These leaders have cemented their place in power by taking up populist messages. Orban has firmly resisted efforts for Hungary to accept Muslim refugees, while Erdogan has presented himself as Turkey’s savior in the face of the failed coup, and Trump has rallied a firm base of support around his “America First” ideology. Although Bolsonaro’s ascendancy symbolizes the rise of yet another populist leader, we must not consider his rise as only the byproduct of a global trend. Instead, we must recognize that he has risen to power as a result of a specific domestic crisis – Operation Car Wash.

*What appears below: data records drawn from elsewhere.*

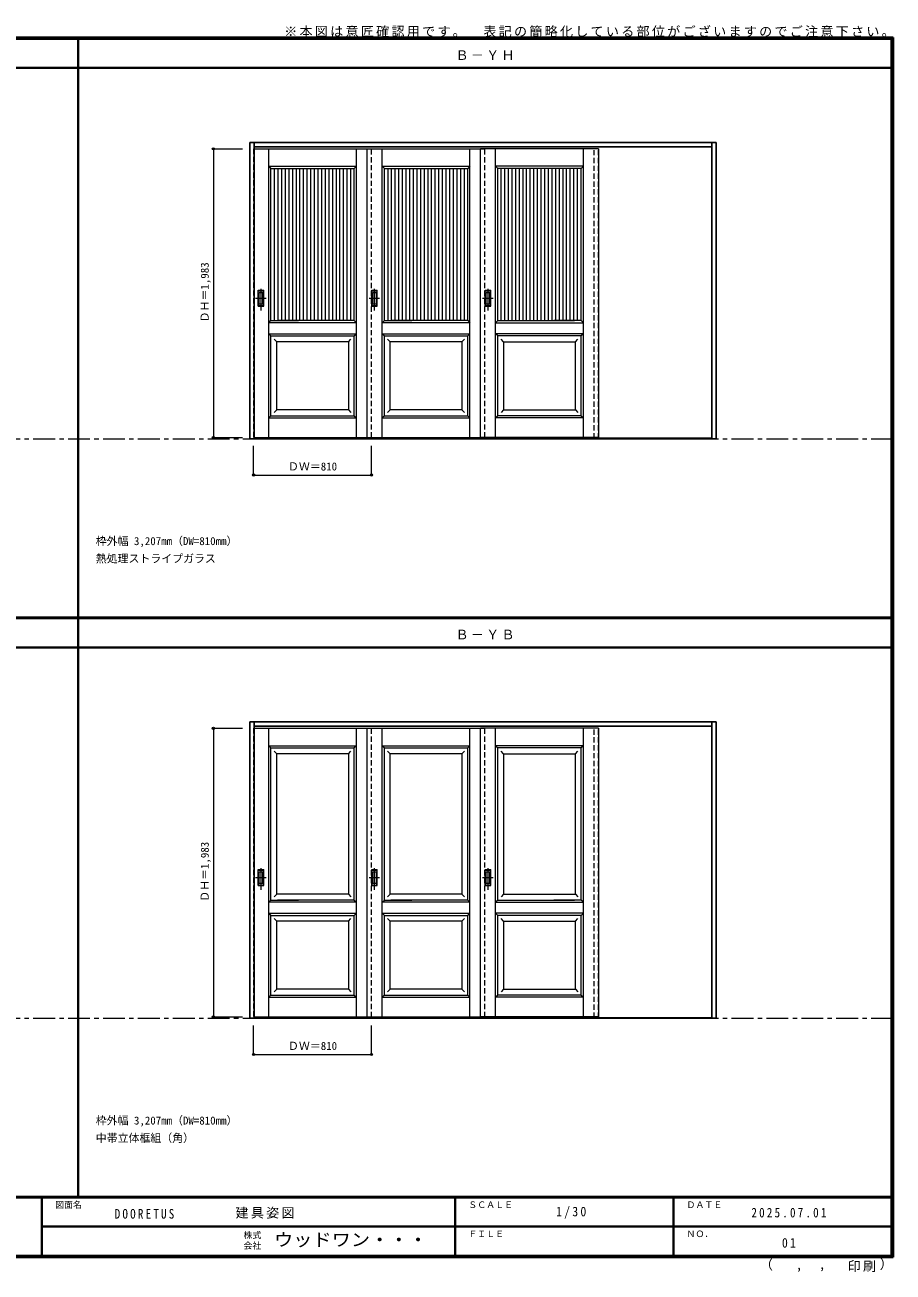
# Model space of a CAD drawing. Units: millimetres, scale not verified. Extents: x -6000 to 5700, y -4307 to 4260.
# Drawn here: x -267 to 5700, y -4307 to 4260 of the extents above; entities that cross this region are included whole.
import ezdxf
from ezdxf.enums import TextEntityAlignment as Align

# ---------------------------------------------------------------- set-up
doc = ezdxf.new("R2010")
doc.units = ezdxf.units.MM
doc.header["$LTSCALE"] = 30
doc.header["$PDMODE"] = 32
doc.header["$PDSIZE"] = 15
doc.linetypes.add('CHAIN1', pattern=[8, 5, -1, 1, -1])
doc.linetypes.add('DASHED1', pattern=[1.8, 1.2, -0.6])
for name, color, linetype, lineweight in [('0-1_通り芯', 7, 'CHAIN1', 18), ('0-2_扉', 7, 'Continuous', 18), ('0-4_枠', 3, 'Continuous', 25), ('0-6_引手', 7, 'Continuous', 18), ('0-B_寸法', 4, 'Continuous', 9), ('0-C_ハッチ', 4, 'Continuous', 9), ('F-1_枠', 6, 'Continuous', 40)]:
    doc.layers.add(name, color=color, linetype=linetype, lineweight=lineweight)
doc.layers.add('0-A_文字', color=7, linetype='Continuous')
doc.layers.add('F-A_文字', color=7, linetype='Continuous')
doc.styles.add('ＭＳ ゴシック', font='')
doc.styles.get('ＭＳ ゴシック').set_extended_font_data('MS Gothic')

msp = doc.modelspace()

# ---------------------------------------------------------------- linework, layer by layer
at = {"layer": '0-1_通り芯'}
for p, q in [((-5490, 1418), (5690, 1418)), ((-5490, -2562.5), (5690, -2562.5))]:
    msp.add_line(p, q, dxfattribs=at)
at = {"layer": '0-2_扉', "color": 4, "linetype": 'DASHED1', "lineweight": 9}
for p, q in [((1305, 3409), (1305, 1426)), ((1308, 3409), (1305, 3409)), ((2115, 1426), (2115, 3409)), ((2895, 1426), (2895, 3409)), ((3645, 1421), (3645, 3423)), ((3675, 1421), (3675, 3423)), ((1308, 1426), (1305, 1426)), ((1305, -571.5), (1305, -2554.5)), ((1308, -571.5), (1305, -571.5)), ((2115, -2554.5), (2115, -571.5)), ((2895, -2554.5), (2895, -571.5)), ((3645, -2559.5), (3645, -557.5)), ((3675, -2559.5), (3675, -557.5)), ((1308, -2554.5), (1305, -2554.5))]:
    msp.add_line(p, q, dxfattribs=at)
at = {"layer": '0-2_扉'}
for p, q in [((1308, 3409), (2115, 3409)), ((1408.5, 1426), (1408.5, 3409)), ((2011.5, 1426), (2011.5, 3409)), ((2085, 1426), (2085, 3409)), ((2085, 3409), (2895, 3409)), ((2188.5, 1426), (2188.5, 3409)), ((2791.5, 1426), (2791.5, 3409)), ((2865, 1426), (2865, 3409)), ((3675, 3409), (2865, 3409)), ((2968.5, 1426), (2968.5, 3409)), ((3571.5, 1426), (3571.5, 3409)), ((1408.5, 3289), (1423.5, 3274)), ((1423.5, 2360.24), (1423.5, 3274)), ((1423.5, 3274), (1996.5, 3274)), ((1996.5, 2229), (1996.5, 3274)), ((2188.5, 3289), (2203.5, 3274)), ((2203.5, 2360.24), (2203.5, 3274)), ((2203.5, 3274), (2776.5, 3274)), ((2776.5, 2229), (2776.5, 3274)), ((2983.5, 2229), (2983.5, 3274)), ((3556.5, 3274), (2983.5, 3274)), ((3571.5, 3289), (3556.5, 3274)), ((3556.5, 2360.24), (3556.5, 3274)), ((1423.69, 3091), (1423.5, 3091)), ((2203.69, 3091), (2203.5, 3091)), ((3556.31, 3091), (3556.5, 3091)), ((1423.5, 2229), (1423.5, 2371.05)), ((2203.5, 2229), (2203.5, 2371.05)), ((3556.5, 2229), (3556.5, 2371.05)), ((1408.5, 2214), (1423.5, 2229)), ((1423.5, 2229), (1612.5, 2229)), ((1996.5, 2229), (1468.5, 2229)), ((2188.5, 2214), (2203.5, 2229)), ((2203.5, 2229), (2392.5, 2229)), ((2776.5, 2229), (2248.5, 2229)), ((2983.5, 2229), (3511.5, 2229)), ((3556.5, 2229), (3367.5, 2229)), ((3571.5, 2214), (3556.5, 2229)), ((1408.5, 2139), (1423.5, 2124)), ((1408.5, 2139), (2011.5, 2139)), ((1423.5, 1576), (1423.5, 2124)), ((1463.54, 2084), (1445.86, 2101.68)), ((1956.5, 2084), (1463.5, 2084)), ((1463.5, 1616), (1463.5, 2084)), ((1956.5, 2084), (1974.18, 2101.68)), ((1956.5, 2084), (1956.5, 1616)), ((1996.5, 1576), (1996.5, 2124)), ((2188.5, 2139), (2203.5, 2124)), ((2188.5, 2139), (2791.5, 2139)), ((2203.5, 1576), (2203.5, 2124)), ((2243.54, 2084), (2225.86, 2101.68)), ((2736.5, 2084), (2243.5, 2084)), ((2243.5, 1616), (2243.5, 2084)), ((2736.5, 2084), (2754.18, 2101.68)), ((2736.5, 2084), (2736.5, 1616)), ((2776.5, 1576), (2776.5, 2124)), ((3571.5, 2139), (2968.5, 2139)), ((2983.5, 1576), (2983.5, 2124)), ((3023.5, 2084), (3005.82, 2101.68)), ((3023.5, 2084), (3516.5, 2084)), ((3023.5, 2084), (3023.5, 1616)), ((3516.46, 2084), (3534.14, 2101.68)), ((3516.5, 1616), (3516.5, 2084)), ((3571.5, 2139), (3556.5, 2124)), ((3556.5, 1576), (3556.5, 2124)), ((1423.5, 1576), (1408.5, 1561)), ((1408.5, 1561), (2011.5, 1561)), ((1463.5, 1616), (1445.82, 1598.32)), ((1463.5, 1616), (1463.5, 1617.43)), ((1956.5, 1616), (1463.5, 1616)), ((1956.5, 1616), (1974.18, 1598.32)), ((2203.5, 1576), (2188.5, 1561)), ((2188.5, 1561), (2791.5, 1561)), ((2243.5, 1616), (2225.82, 1598.32)), ((2243.5, 1616), (2243.5, 1617.43)), ((2736.5, 1616), (2243.5, 1616)), ((2736.5, 1616), (2754.18, 1598.32)), ((3571.5, 1561), (2968.5, 1561)), ((3023.5, 1616), (3005.82, 1598.32)), ((3023.5, 1616), (3516.5, 1616)), ((3516.5, 1616), (3516.5, 1617.43)), ((3516.5, 1616), (3534.18, 1598.32)), ((3556.5, 1576), (3571.5, 1561)), ((1308, 1426), (2115, 1426)), ((2085, 1426), (2895, 1426)), ((1308, -571.5), (2115, -571.5)), ((1408.5, -2554.5), (1408.5, -571.5)), ((2011.5, -2554.5), (2011.5, -571.5)), ((2085, -2554.5), (2085, -571.5)), ((2085, -571.5), (2895, -571.5)), ((2188.5, -2554.5), (2188.5, -571.5)), ((2791.5, -2554.5), (2791.5, -571.5)), ((2865, -2554.5), (2865, -571.5)), ((3675, -571.5), (2865, -571.5)), ((2968.5, -2554.5), (2968.5, -571.5)), ((3571.5, -2554.5), (3571.5, -571.5)), ((1408.5, -691.5), (1423.5, -706.5)), ((1423.5, -1620.26), (1423.5, -706.5)), ((1423.5, -706.5), (1996.5, -706.5)), ((1463.54, -746.5), (1445.86, -728.82)), ((1956.5, -746.5), (1463.5, -746.5)), ((1463.5, -1711.5), (1463.5, -746.5)), ((1956.5, -746.5), (1974.18, -728.82)), ((1956.5, -746.5), (1956.5, -1711.5)), ((1996.5, -1751.5), (1996.5, -706.5)), ((2188.5, -691.5), (2203.5, -706.5)), ((2203.5, -1620.26), (2203.5, -706.5)), ((2203.5, -706.5), (2776.5, -706.5)), ((2243.54, -746.5), (2225.86, -728.82)), ((2736.5, -746.5), (2243.5, -746.5)), ((2243.5, -1711.5), (2243.5, -746.5)), ((2736.5, -746.5), (2754.18, -728.82)), ((2736.5, -746.5), (2736.5, -1711.5)), ((2776.5, -1751.5), (2776.5, -706.5)), ((2983.5, -1751.5), (2983.5, -706.5)), ((3556.5, -706.5), (2983.5, -706.5)), ((3023.5, -746.5), (3005.82, -728.82)), ((3023.5, -746.5), (3516.5, -746.5)), ((3023.5, -746.5), (3023.5, -1711.5)), ((3516.46, -746.5), (3534.14, -728.82)), ((3516.5, -1711.5), (3516.5, -746.5)), ((3571.5, -691.5), (3556.5, -706.5)), ((3556.5, -1620.26), (3556.5, -706.5)), ((1423.69, -889.5), (1423.5, -889.5)), ((2203.69, -889.5), (2203.5, -889.5)), ((3556.31, -889.5), (3556.5, -889.5)), ((1423.5, -1751.5), (1423.5, -1609.45)), ((2203.5, -1751.5), (2203.5, -1609.45)), ((3556.5, -1751.5), (3556.5, -1609.45)), ((1463.5, -1711.5), (1445.82, -1729.18)), ((1956.5, -1711.5), (1463.5, -1711.5)), ((1956.5, -1711.5), (1974.18, -1729.18)), ((2243.5, -1711.5), (2225.82, -1729.18)), ((2736.5, -1711.5), (2243.5, -1711.5)), ((2736.5, -1711.5), (2754.18, -1729.18)), ((3023.5, -1711.5), (3005.82, -1729.18)), ((3023.5, -1711.5), (3516.5, -1711.5)), ((3516.5, -1711.5), (3534.18, -1729.18)), ((1408.5, -1766.5), (1423.5, -1751.5)), ((1423.5, -1751.5), (1612.5, -1751.5)), ((1996.5, -1751.5), (1468.5, -1751.5)), ((2188.5, -1766.5), (2203.5, -1751.5)), ((2203.5, -1751.5), (2392.5, -1751.5)), ((2776.5, -1751.5), (2248.5, -1751.5)), ((2983.5, -1751.5), (3511.5, -1751.5)), ((3556.5, -1751.5), (3367.5, -1751.5)), ((3571.5, -1766.5), (3556.5, -1751.5)), ((1408.5, -1841.5), (1423.5, -1856.5)), ((1408.5, -1841.5), (2011.5, -1841.5)), ((1423.5, -2404.5), (1423.5, -1856.5)), ((1463.54, -1896.5), (1445.86, -1878.82)), ((1956.5, -1896.5), (1974.18, -1878.82)), ((1996.5, -2404.5), (1996.5, -1856.5)), ((2188.5, -1841.5), (2203.5, -1856.5)), ((2188.5, -1841.5), (2791.5, -1841.5)), ((2203.5, -2404.5), (2203.5, -1856.5)), ((2243.54, -1896.5), (2225.86, -1878.82)), ((2736.5, -1896.5), (2754.18, -1878.82)), ((2776.5, -2404.5), (2776.5, -1856.5)), ((3571.5, -1841.5), (2968.5, -1841.5)), ((2983.5, -2404.5), (2983.5, -1856.5)), ((3023.5, -1896.5), (3005.82, -1878.82)), ((3516.46, -1896.5), (3534.14, -1878.82)), ((3571.5, -1841.5), (3556.5, -1856.5)), ((3556.5, -2404.5), (3556.5, -1856.5)), ((1956.5, -1896.5), (1463.5, -1896.5)), ((1463.5, -2364.5), (1463.5, -1896.5)), ((1956.5, -1896.5), (1956.5, -2364.5)), ((2736.5, -1896.5), (2243.5, -1896.5)), ((2243.5, -2364.5), (2243.5, -1896.5)), ((2736.5, -1896.5), (2736.5, -2364.5)), ((3023.5, -1896.5), (3516.5, -1896.5)), ((3023.5, -1896.5), (3023.5, -2364.5)), ((3516.5, -2364.5), (3516.5, -1896.5)), ((1463.5, -2364.5), (1445.82, -2382.18)), ((1463.5, -2364.5), (1463.5, -2363.07)), ((1956.5, -2364.5), (1463.5, -2364.5)), ((1956.5, -2364.5), (1974.18, -2382.18)), ((2243.5, -2364.5), (2225.82, -2382.18)), ((2243.5, -2364.5), (2243.5, -2363.07)), ((2736.5, -2364.5), (2243.5, -2364.5)), ((2736.5, -2364.5), (2754.18, -2382.18)), ((3023.5, -2364.5), (3005.82, -2382.18)), ((3023.5, -2364.5), (3516.5, -2364.5)), ((3516.5, -2364.5), (3516.5, -2363.07)), ((3516.5, -2364.5), (3534.18, -2382.18)), ((1423.5, -2404.5), (1408.5, -2419.5)), ((1408.5, -2419.5), (2011.5, -2419.5)), ((2203.5, -2404.5), (2188.5, -2419.5)), ((2188.5, -2419.5), (2791.5, -2419.5)), ((3571.5, -2419.5), (2968.5, -2419.5)), ((3556.5, -2404.5), (3571.5, -2419.5)), ((1308, -2554.5), (2115, -2554.5)), ((2085, -2554.5), (2895, -2554.5))]:
    msp.add_line(p, q, dxfattribs=at)
at = {"layer": '0-2_扉', "color": 3, "lineweight": 25}
for p, q in [((2865, 1418), (2895, 1418)), ((2865, -2562.5), (2895, -2562.5))]:
    msp.add_line(p, q, dxfattribs=at)
at = {"layer": '0-2_扉'}
for points in [[(3675, 3409), (3675, 1426), (2865, 1426)], [(1408.5, 3289), (2011.5, 3289), (1996.5, 3274)], [(2188.5, 3289), (2791.5, 3289), (2776.5, 3274)], [(3571.5, 3289), (2968.5, 3289), (2983.5, 3274)], [(1996.5, 2229), (2011.5, 2214), (1408.5, 2214)], [(2776.5, 2229), (2791.5, 2214), (2188.5, 2214)], [(2983.5, 2229), (2968.5, 2214), (3571.5, 2214)], [(1423.5, 2124), (1996.5, 2124), (2011.5, 2139)], [(2203.5, 2124), (2776.5, 2124), (2791.5, 2139)], [(3556.5, 2124), (2983.5, 2124), (2968.5, 2139)], [(1423.5, 1576), (1996.5, 1576), (2011.5, 1561)], [(2203.5, 1576), (2776.5, 1576), (2791.5, 1561)], [(3556.5, 1576), (2983.5, 1576), (2968.5, 1561)], [(3675, -571.5), (3675, -2554.5), (2865, -2554.5)], [(1408.5, -691.5), (2011.5, -691.5), (1996.5, -706.5)], [(2188.5, -691.5), (2791.5, -691.5), (2776.5, -706.5)], [(3571.5, -691.5), (2968.5, -691.5), (2983.5, -706.5)], [(1996.5, -1751.5), (2011.5, -1766.5), (1408.5, -1766.5)], [(2776.5, -1751.5), (2791.5, -1766.5), (2188.5, -1766.5)], [(2983.5, -1751.5), (2968.5, -1766.5), (3571.5, -1766.5)], [(1423.5, -1856.5), (1996.5, -1856.5), (2011.5, -1841.5)], [(2203.5, -1856.5), (2776.5, -1856.5), (2791.5, -1841.5)], [(3556.5, -1856.5), (2983.5, -1856.5), (2968.5, -1841.5)], [(1423.5, -2404.5), (1996.5, -2404.5), (2011.5, -2419.5)], [(2203.5, -2404.5), (2776.5, -2404.5), (2791.5, -2419.5)], [(3556.5, -2404.5), (2983.5, -2404.5), (2968.5, -2419.5)]]:
    msp.add_lwpolyline(points, dxfattribs=at)
at = {"layer": '0-4_枠'}
for p, q in [((1278, 3453), (4485, 3453)), ((1308, 1418), (1308, 3453)), ((4455, 1418), (4455, 3453)), ((4485, 1418), (4485, 3453)), ((1308, 3423), (4455, 3423)), ((4455, 1421), (1308, 1421)), ((4455, 1418), (1308, 1418)), ((4485, 1418), (4455, 1418)), ((1278, -527.5), (4485, -527.5)), ((1308, -2562.5), (1308, -527.5)), ((1308, -557.5), (4455, -557.5)), ((4455, -2562.5), (4455, -527.5)), ((4485, -2562.5), (4485, -527.5)), ((4455, -2559.5), (1308, -2559.5)), ((4455, -2562.5), (1308, -2562.5)), ((4485, -2562.5), (4455, -2562.5))]:
    msp.add_line(p, q, dxfattribs=at)
for points in [[(1308, 1418), (1278, 1418), (1278, 3453)], [(1308, -2562.5), (1278, -2562.5), (1278, -527.5)]]:
    msp.add_lwpolyline(points, dxfattribs=at)
at = {"layer": '0-6_引手'}
for p, q in [((1337, 2438.5), (1375, 2438.5)), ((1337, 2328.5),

Operation Car Wash was a Brazilian criminal investigation that has touched almost every level of corporate and political life. Launched in 2014, the investigation began when Brazil’s Ministry of Finance intelligence unit found suspect bank transactions involving Petrobras, a state-owned oil company. Investigators eventually realized that the case expanded well beyond Petrobras. For example, construction companies that bid for Petrobras contracts secretly formed a cartel and purposefully overcharged Petrobras. Even though some high-level Petrobras officials recognized this, they pretended not to, instead accepting massive bribes from construction executives to remain silent. Bribes went to politicians as well, who received everything from monetary compensation, to high-end watches, yachts, or prostitutes.

Between construction companies, Petrobras, and the politicians involved, the total financial sum of bribes exchanged reached as high as $5.3 billion.

The political consequences of Operation Car Wash have proven earth-shattering. Of the hundreds of officials believed to have taken part in the scandal, the list includes former presidents, ministers, members of Congress, and governors. Most consequential was the uncovered involvement of former President Luiz Inacio Lula da Silva. Lula, who served as president from 2003-2011, received a nine-and-a-half-year prison sentence for corruption and money laundering. Federal prosecutors have labeled Lula the mastermind behind the scandal, and multiple officials that served in his presidential administration are in prison for similar crimes. The scandal also hit Lula’s handpicked successor, former President Dilma Rousseff, who served from 2011 until her impeachment and removal from office in 2016. Although prosecutors never charged her with direct involvement in the scandal, she was the chairwoman of Petrobras from 2003-2010, making her innocence difficult to accept.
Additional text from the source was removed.